Foto: APA / Herbert Neubauer

STANDARD: Wir schreiben 2015, und Oberösterreich gönnt sich einen reinen Männerverein als Landesregierung. Was sagen Sie dazu?

Maria Rauch-Kallat: Das ist einmal mehr der Beweis, dass es seit einigen Jahren einen richtigen Backlash gibt, dass das Jahrtausend der Frau nicht die Erwartungen erfüllt, die alle an diese neue Zeit gestellt haben.

STANDARD: Wie hätte man das Problem mit "der Frau" in der Landesregierung politisch moderieren sollen? Landeshauptmann Josef Pühringer hätte ja zum Beispiel sagen können: Die einzige Frau in meinem Team ist fix, weil ich das gesellschaftspolitisch so haben will.

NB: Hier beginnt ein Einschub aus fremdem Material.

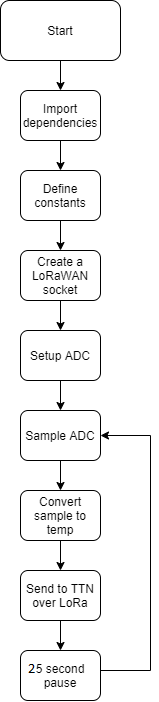

The diagram above was exported from draw.io. Its source (the exported page's mxGraphModel, read from the mxfile embedded in the PNG):
<mxGraphModel dx="865" dy="443" grid="1" gridSize="10" guides="1" tooltips="1" connect="1" arrows="1" fold="1" page="1" pageScale="1" pageWidth="827" pageHeight="1169" math="0" shadow="0">
  <root>
    <mxCell id="0" />
    <mxCell id="1" parent="0" />
    <mxCell id="QyzI67xyT1f7-N7jX8wK-4" style="edgeStyle=orthogonalEdgeStyle;rounded=0;orthogonalLoop=1;jettySize=auto;html=1;entryX=0.5;entryY=0;entryDx=0;entryDy=0;" edge="1" parent="1" source="QyzI67xyT1f7-N7jX8wK-2" target="QyzI67xyT1f7-N7jX8wK-3">
      <mxGeometry relative="1" as="geometry" />
    </mxCell>
    <mxCell id="QyzI67xyT1f7-N7jX8wK-2" value="Start" style="rounded=1;whiteSpace=wrap;html=1;" vertex="1" parent="1">
      <mxGeometry x="330" y="110" width="120" height="60" as="geometry" />
    </mxCell>
    <mxCell id="QyzI67xyT1f7-N7jX8wK-6" style="edgeStyle=orthogonalEdgeStyle;rounded=0;orthogonalLoop=1;jettySize=auto;html=1;entryX=0.5;entryY=0;entryDx=0;entryDy=0;" edge="1" parent="1" source="QyzI67xyT1f7-N7jX8wK-3" target="QyzI67xyT1f7-N7jX8wK-5">
      <mxGeometry relative="1" as="geometry" />
    </mxCell>
    <mxCell id="QyzI67xyT1f7-N7jX8wK-3" value="Import&lt;br&gt;dependencies" style="rounded=1;whiteSpace=wrap;html=1;" vertex="1" parent="1">
      <mxGeometry x="350" y="200" width="80" height="50" as="geometry" />
    </mxCell>
    <mxCell id="QyzI67xyT1f7-N7jX8wK-8" style="edgeStyle=orthogonalEdgeStyle;rounded=0;orthogonalLoop=1;jettySize=auto;html=1;entryX=0.5;entryY=0;entryDx=0;entryDy=0;" edge="1" parent="1" source="QyzI67xyT1f7-N7jX8wK-5" target="QyzI67xyT1f7-N7jX8wK-7">
      <mxGeometry relative="1" as="geometry" />
    </mxCell>
    <mxCell id="QyzI67xyT1f7-N7jX8wK-5" value="Define constants" style="rounded=1;whiteSpace=wrap;html=1;" vertex="1" parent="1">
      <mxGeometry x="350" y="280" width="80" height="50" as="geometry" />
    </mxCell>
    <mxCell id="QyzI67xyT1f7-N7jX8wK-10" style="edgeStyle=orthogonalEdgeStyle;rounded=0;orthogonalLoop=1;jettySize=auto;html=1;entryX=0.5;entryY=0;entryDx=0;entryDy=0;" edge="1" parent="1" source="QyzI67xyT1f7-N7jX8wK-7" target="QyzI67xyT1f7-N7jX8wK-9">
      <mxGeometry relative="1" as="geometry" />
    </mxCell>
    <mxCell id="QyzI67xyT1f7-N7jX8wK-7" value="Create a LoRaWAN socket" style="rounded=1;whiteSpace=wrap;html=1;" vertex="1" parent="1">
      <mxGeometry x="350" y="360" width="80" height="50" as="geometry" />
    </mxCell>
    <mxCell id="QyzI67xyT1f7-N7jX8wK-12" style="edgeStyle=orthogonalEdgeStyle;rounded=0;orthogonalLoop=1;jettySize=auto;html=1;entryX=0.5;entryY=0;entryDx=0;entryDy=0;" edge="1" parent="1" source="QyzI67xyT1f7-N7jX8wK-9" target="QyzI67xyT1f7-N7jX8wK-11">
      <mxGeometry relative="1" as="geometry" />
    </mxCell>
    <mxCell id="QyzI67xyT1f7-N7jX8wK-9" value="Setup ADC" style="rounded=1;whiteSpace=wrap;html=1;" vertex="1" parent="1">
      <mxGeometry x="350" y="440" width="80" height="50" as="geometry" />
    </mxCell>
    <mxCell id="QyzI67xyT1f7-N7jX8wK-14" style="edgeStyle=orthogonalEdgeStyle;rounded=0;orthogonalLoop=1;jettySize=auto;html=1;entryX=0.5;entryY=0;entryDx=0;entryDy=0;" edge="1" parent="1" source="QyzI67xyT1f7-N7jX8wK-11" target="QyzI67xyT1f7-N7jX8wK-13">
      <mxGeometry relative="1" as="geometry" />
    </mxCell>
    <mxCell id="QyzI67xyT1f7-N7jX8wK-11" value="Sample ADC" style="rounded=1;whiteSpace=wrap;html=1;" vertex="1" parent="1">
      <mxGeometry x="350" y="520" width="80" height="50" as="geometry" />
    </mxCell>
    <mxCell id="QyzI67xyT1f7-N7jX8wK-16" style="edgeStyle=orthogonalEdgeStyle;rounded=0;orthogonalLoop=1;jettySize=auto;html=1;entryX=0.5;entryY=0;entryDx=0;entryDy=0;" edge="1" parent="1" source="QyzI67xyT1f7-N7jX8wK-13" target="QyzI67xyT1f7-N7jX8wK-15">
      <mxGeometry relative="1" as="geometry" />
    </mxCell>
    <mxCell id="QyzI67xyT1f7-N7jX8wK-13" value="Convert sample to temp" style="rounded=1;whiteSpace=wrap;html=1;" vertex="1" parent="1">
      <mxGeometry x="350" y="600" width="80" height="50" as="geometry" />
    </mxCell>
    <mxCell id="QyzI67xyT1f7-N7jX8wK-18" style="edgeStyle=orthogonalEdgeStyle;rounded=0;orthogonalLoop=1;jettySize=auto;html=1;entryX=0.5;entryY=0;entryDx=0;entryDy=0;" edge="1" parent="1" source="QyzI67xyT1f7-N7jX8wK-15" target="QyzI67xyT1f7-N7jX8wK-17">
      <mxGeometry relative="1" as="geometry" />
    </mxCell>
    <mxCell id="QyzI67xyT1f7-N7jX8wK-15" value="Send to TTN over LoRa" style="rounded=1;whiteSpace=wrap;html=1;" vertex="1" parent="1">
      <mxGeometry x="350" y="680" width="80" height="50" as="geometry" />
    </mxCell>
    <mxCell id="QyzI67xyT1f7-N7jX8wK-19" style="edgeStyle=orthogonalEdgeStyle;rounded=0;orthogonalLoop=1;jettySize=auto;html=1;entryX=1;entryY=0.5;entryDx=0;entryDy=0;" edge="1" parent="1" source="QyzI67xyT1f7-N7jX8wK-17" target="QyzI67xyT1f7-N7jX8wK-11">
      <mxGeometry relative="1" as="geometry">
        <mxPoint x="520" y="540" as="targetPoint" />
        <Array as="points">
          <mxPoint x="390" y="780" />
          <mxPoint x="480" y="780" />
          <mxPoint x="480" y="545" />
        </Array>
      </mxGeometry>
    </mxCell>
    <mxCell id="QyzI67xyT1f7-N7jX8wK-17" value="5 second pause" style="rounded=1;whiteSpace=wrap;html=1;" vertex="1" parent="1">
      <mxGeometry x="350" y="760" width="80" height="50" as="geometry" />
    </mxCell>
  </root>
</mxGraphModel>

Rauch-Kallat: Das wäre für mich eine ganz logische Konsequenz gewesen und ich hätte das auch erwartet, weil Landesrätin Doris Hummer nicht nur gute Arbeit geleistet hat, sondern auch hochanerkannt war und ganz wichtige Themenfelder in ihrem Ressort hatte, zusätzlich zu den Frauen auch Wissenschaft und Bildung.

STANDARD: Apropos frauenpolitischer Backlash: Welche Verantwortung würden Sie da Ihrer eigenen Partei, der ÖVP, zuschreiben?

Rauch-Kallat: Die gleiche wie allen anderen Parteien. Jede Partei ist aufgefordert und gut beraten, ein ausgewogenes Verhältnis von Frauen und Männern zu haben, auch und vor allem in den Führungspositionen, denn wenn dort ausreichend Frauen sind, werden auch andere Frauen nachkommen, weil es ihnen Mut macht.

STANDARD: Sind die Frauen in den Parteien vielleicht auch zu zahm?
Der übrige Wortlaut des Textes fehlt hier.